C’est la loi de modernisation de notre système de santé (article 14) qui a inscrit dans le droit la possibilité de recommander un système d’étiquetage nutritionnel pour faciliter le choix d’achat du consommateur, au regard de la composition nutritionnelle des produits. La ministre a donc annoncé qu’elle prendrait un arrêté début avril, en s’appuyant sur le rapport du comité scientifique indépendant, pour définir le système d’étiquetage nutritionnel que les entreprises de l’agroalimentaire et les distributeurs pourront mettre en œuvre. Pourront, car, au regard de la réglementation européenne (règlement Inco n° 1169/2011), son application est facultative et repose sur le volontariat des industriels. Pour l’Organisation non gouvernementale Foodwatch, c’est bien là tout le problème. « Nous militons depuis des années pour que les fabricants soient dans l’obligation d’apposer un logo clair et comparable, à l’avant de leurs produits, permettant une information transparente du consommateur », soutient Ingrid Kragl, directrice de l’information chez Foodwatch.
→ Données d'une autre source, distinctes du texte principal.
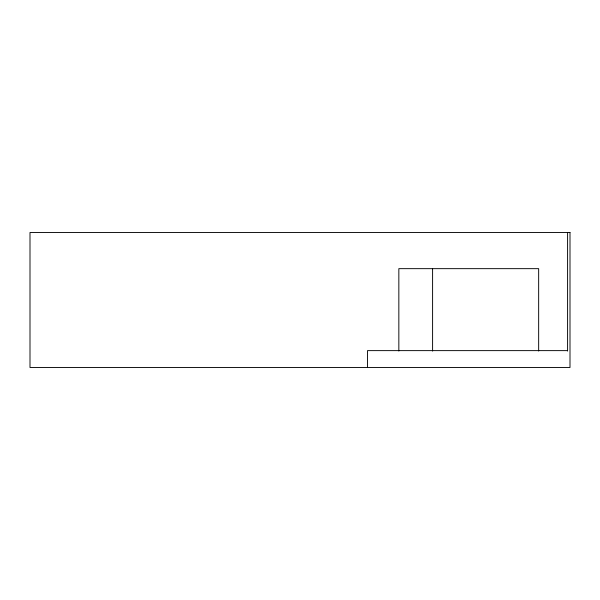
<?xml version="1.0" encoding="UTF-8"?>
<svg xmlns="http://www.w3.org/2000/svg" width="600" height="600" viewBox="0 0 600 600"><rect width="100%" height="100%" fill="white"/><g stroke="black" fill="none" stroke-linecap="round" stroke-linejoin="round"><path stroke-width="0.9" d="M567.592 350.625L367.5 350.625L367.5 367.5M567.592 232.5L567.592 351.082M538.658 351.045L538.658 268.657L398.842 268.657L398.842 351.045M432.592 268.913L432.592 351.082M570 232.5L30 232.5L30 367.5L570 367.5L570 232.5"/></g></svg>
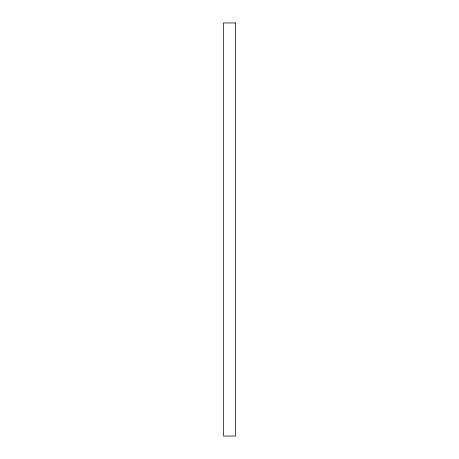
<?xml version="1.0" encoding="UTF-8"?>
<svg xmlns="http://www.w3.org/2000/svg" width="459" height="459" viewBox="0 0 459 459"><rect width="100%" height="100%" fill="white"/><g stroke="black" fill="none" stroke-linecap="round" stroke-linejoin="round"><path stroke-width="0.69" d="M235.524 22.95L223.476 22.95L223.476 436.05L235.524 436.05L235.524 22.95"/></g></svg>

Et d’ajouter : « Cela a failli être voté au niveau européen il y a quelques années mais les lobbies de l’industrie agroalimentaire ont tout fait pour bloquer cette mesure. » L’ONG milite pour rendre obligatoire l’étiquetage car « nous sommes dans une situation où les fabricants peuvent faire ce qu’ils veulent, précise Ingrid Kragl. Il n’est pas acceptable de s’en remettre à la seule pression des consommateurs pour contraindre les industriels comme le fait la ministre. Il faut que les États membres s’emparent du sujet et le mettent à l’agenda européen car, si la base est volontaire, qu’il n’y a pas de suivi, de contrôle, d’obligation, ni de sanction, les fabricants continueront à duper les consommateurs sur la réelle qualité nutritionnelle des aliments ».

Logos personnalisés

Le Collectif interassociatif pour la santé (CISS), une association de patients, s’est félicité des résultats de l’étude, et appelle également l’ensemble des acteurs à contribuer à la généralisation du logo et à son application par tous. Or certains industriels ont déjà annoncé qu’ils allaient choisir leur logo en dehors de toute recherche de consensus. C’est le cas de Coca-Cola, Pepsi, Nestlé, Unilever, Mondelez, Mars, qui souhaitent lancer leur logo au niveau européen pour éviter la multiplication des systèmes d’information nationaux. Une décision incompréhensible pour le CISS qui rappelle que « ce dont les consommateurs ont besoin, c’est d’un logo unique pour comparer les aliments entre eux au moment où ils les achètent dans leur magasin, et non pas d’un logo qui permette de comparer les produits d’un pays à l’autre en Europe ».